Retype the whole listing verbatim and keep the pictures out of it.

---+---

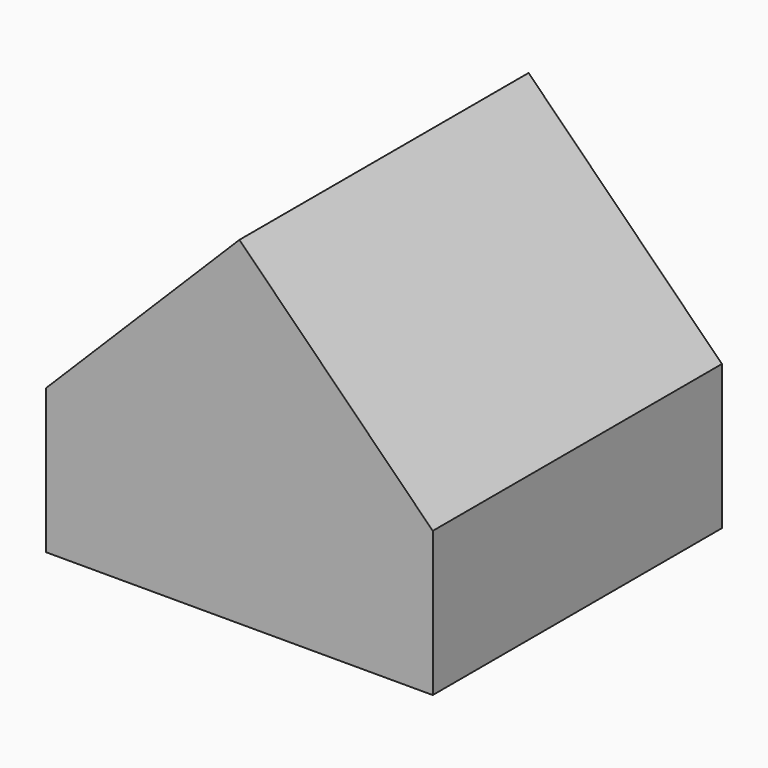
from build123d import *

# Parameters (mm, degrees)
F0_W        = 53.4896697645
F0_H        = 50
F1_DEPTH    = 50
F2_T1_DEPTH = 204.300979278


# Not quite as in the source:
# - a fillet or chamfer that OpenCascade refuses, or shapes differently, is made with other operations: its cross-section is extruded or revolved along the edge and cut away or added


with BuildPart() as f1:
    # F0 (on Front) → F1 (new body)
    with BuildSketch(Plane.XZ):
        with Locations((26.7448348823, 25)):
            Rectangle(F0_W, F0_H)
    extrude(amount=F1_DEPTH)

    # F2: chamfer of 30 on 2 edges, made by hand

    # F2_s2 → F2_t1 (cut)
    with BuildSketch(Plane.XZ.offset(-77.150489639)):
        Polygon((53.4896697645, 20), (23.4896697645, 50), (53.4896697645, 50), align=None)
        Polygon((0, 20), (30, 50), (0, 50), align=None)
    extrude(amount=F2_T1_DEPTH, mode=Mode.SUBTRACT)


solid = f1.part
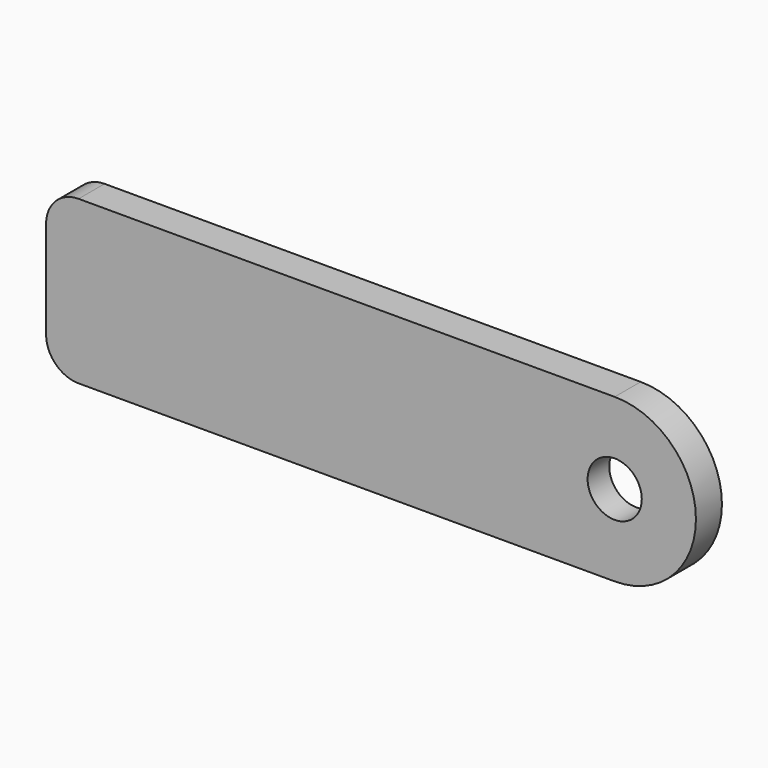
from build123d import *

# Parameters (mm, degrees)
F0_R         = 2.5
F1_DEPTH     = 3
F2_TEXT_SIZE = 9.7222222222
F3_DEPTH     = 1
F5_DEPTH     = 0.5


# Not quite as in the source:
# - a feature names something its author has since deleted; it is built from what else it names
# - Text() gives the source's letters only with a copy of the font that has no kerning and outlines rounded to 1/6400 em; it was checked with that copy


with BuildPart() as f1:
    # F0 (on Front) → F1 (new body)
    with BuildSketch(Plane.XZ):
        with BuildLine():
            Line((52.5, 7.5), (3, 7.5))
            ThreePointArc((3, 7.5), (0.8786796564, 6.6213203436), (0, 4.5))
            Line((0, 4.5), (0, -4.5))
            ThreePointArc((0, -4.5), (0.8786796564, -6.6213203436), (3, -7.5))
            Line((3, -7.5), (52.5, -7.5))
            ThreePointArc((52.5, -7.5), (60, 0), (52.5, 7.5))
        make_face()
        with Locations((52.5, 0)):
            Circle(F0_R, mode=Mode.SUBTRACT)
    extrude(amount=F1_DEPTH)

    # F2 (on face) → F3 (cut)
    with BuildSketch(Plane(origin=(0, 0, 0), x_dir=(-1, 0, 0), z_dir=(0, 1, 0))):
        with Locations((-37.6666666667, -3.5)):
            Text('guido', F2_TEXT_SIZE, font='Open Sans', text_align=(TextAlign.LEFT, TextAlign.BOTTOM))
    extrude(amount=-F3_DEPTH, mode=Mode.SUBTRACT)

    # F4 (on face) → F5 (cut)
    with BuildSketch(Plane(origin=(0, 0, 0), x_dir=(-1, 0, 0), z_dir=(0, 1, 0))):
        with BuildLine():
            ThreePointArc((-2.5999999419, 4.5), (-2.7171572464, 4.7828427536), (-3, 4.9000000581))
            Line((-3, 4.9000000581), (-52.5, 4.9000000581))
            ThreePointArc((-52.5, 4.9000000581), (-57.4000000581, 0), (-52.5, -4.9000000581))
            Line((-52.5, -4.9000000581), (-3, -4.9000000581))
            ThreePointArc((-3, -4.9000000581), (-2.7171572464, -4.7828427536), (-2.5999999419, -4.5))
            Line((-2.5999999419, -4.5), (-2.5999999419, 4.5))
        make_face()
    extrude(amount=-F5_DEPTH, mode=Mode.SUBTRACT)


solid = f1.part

---+---

### Task output
from build123d import *

# Parameters (mm, degrees)
F0_W        = 53.4896697645
F0_H        = 50
F1_DEPTH    = 50
F2_T1_DEPTH = 204.300979278


# Not quite as in the source:
# - a fillet or chamfer that OpenCascade refuses, or shapes differently, is made with other operations: its cross-section is extruded or revolved along the edge and cut away or added


with BuildPart() as f1:
    # F0 (on Front) → F1 (new body)
    with BuildSketch(Plane.XZ):
        with Locations((26.7448348823, 25)):
            Rectangle(F0_W, F0_H)
    extrude(amount=F1_DEPTH)

    # F2: chamfer of 30 on 2 edges, made by hand

    # F2_s2 → F2_t1 (cut)
    with BuildSketch(Plane.XZ.offset(-77.150489639)):
        Polygon((53.4896697645, 20), (23.4896697645, 50), (53.4896697645, 50), align=None)
        Polygon((0, 20), (30, 50), (0, 50), align=None)
    extrude(amount=F2_T1_DEPTH, mode=Mode.SUBTRACT)


solid = f1.part
from build123d import *

# Parameters (mm, degrees)
F0_R         = 2.5
F1_DEPTH     = 3
F2_TEXT_SIZE = 9.7222222222
F3_DEPTH     = 1
F5_DEPTH     = 0.5


# Not quite as in the source:
# - a feature names something its author has since deleted; it is built from what else it names
# - Text() gives the source's letters only with a copy of the font that has no kerning and outlines rounded to 1/6400 em; it was checked with that copy


with BuildPart() as f1:
    # F0 (on Front) → F1 (new body)
    with BuildSketch(Plane.XZ):
        with BuildLine():
            Line((52.5, 7.5), (3, 7.5))
            ThreePointArc((3, 7.5), (0.8786796564, 6.6213203436), (0, 4.5))
            Line((0, 4.5), (0, -4.5))
            ThreePointArc((0, -4.5), (0.8786796564, -6.6213203436), (3, -7.5))
            Line((3, -7.5), (52.5, -7.5))
            ThreePointArc((52.5, -7.5), (60, 0), (52.5, 7.5))
        make_face()
        with Locations((52.5, 0)):
            Circle(F0_R, mode=Mode.SUBTRACT)
    extrude(amount=F1_DEPTH)

    # F2 (on face) → F3 (cut)
    with BuildSketch(Plane(origin=(0, 0, 0), x_dir=(-1, 0, 0), z_dir=(0, 1, 0))):
        with Locations((-37.6666666667, -3.5)):
            Text('guido', F2_TEXT_SIZE, font='Open Sans', text_align=(TextAlign.LEFT, TextAlign.BOTTOM))
    extrude(amount=-F3_DEPTH, mode=Mode.SUBTRACT)

    # F4 (on face) → F5 (cut)
    with BuildSketch(Plane(origin=(0, 0, 0), x_dir=(-1, 0, 0), z_dir=(0, 1, 0))):
        with BuildLine():
            ThreePointArc((-2.5999999419, 4.5), (-2.7171572464, 4.7828427536), (-3, 4.9000000581))
            Line((-3, 4.9000000581), (-52.5, 4.9000000581))
            ThreePointArc((-52.5, 4.9000000581), (-57.4000000581, 0), (-52.5, -4.9000000581))
            Line((-52.5, -4.9000000581), (-3, -4.9000000581))
            ThreePointArc((-3, -4.9000000581), (-2.7171572464, -4.7828427536), (-2.5999999419, -4.5))
            Line((-2.5999999419, -4.5), (-2.5999999419, 4.5))
        make_face()
    extrude(amount=-F5_DEPTH, mode=Mode.SUBTRACT)


solid = f1.part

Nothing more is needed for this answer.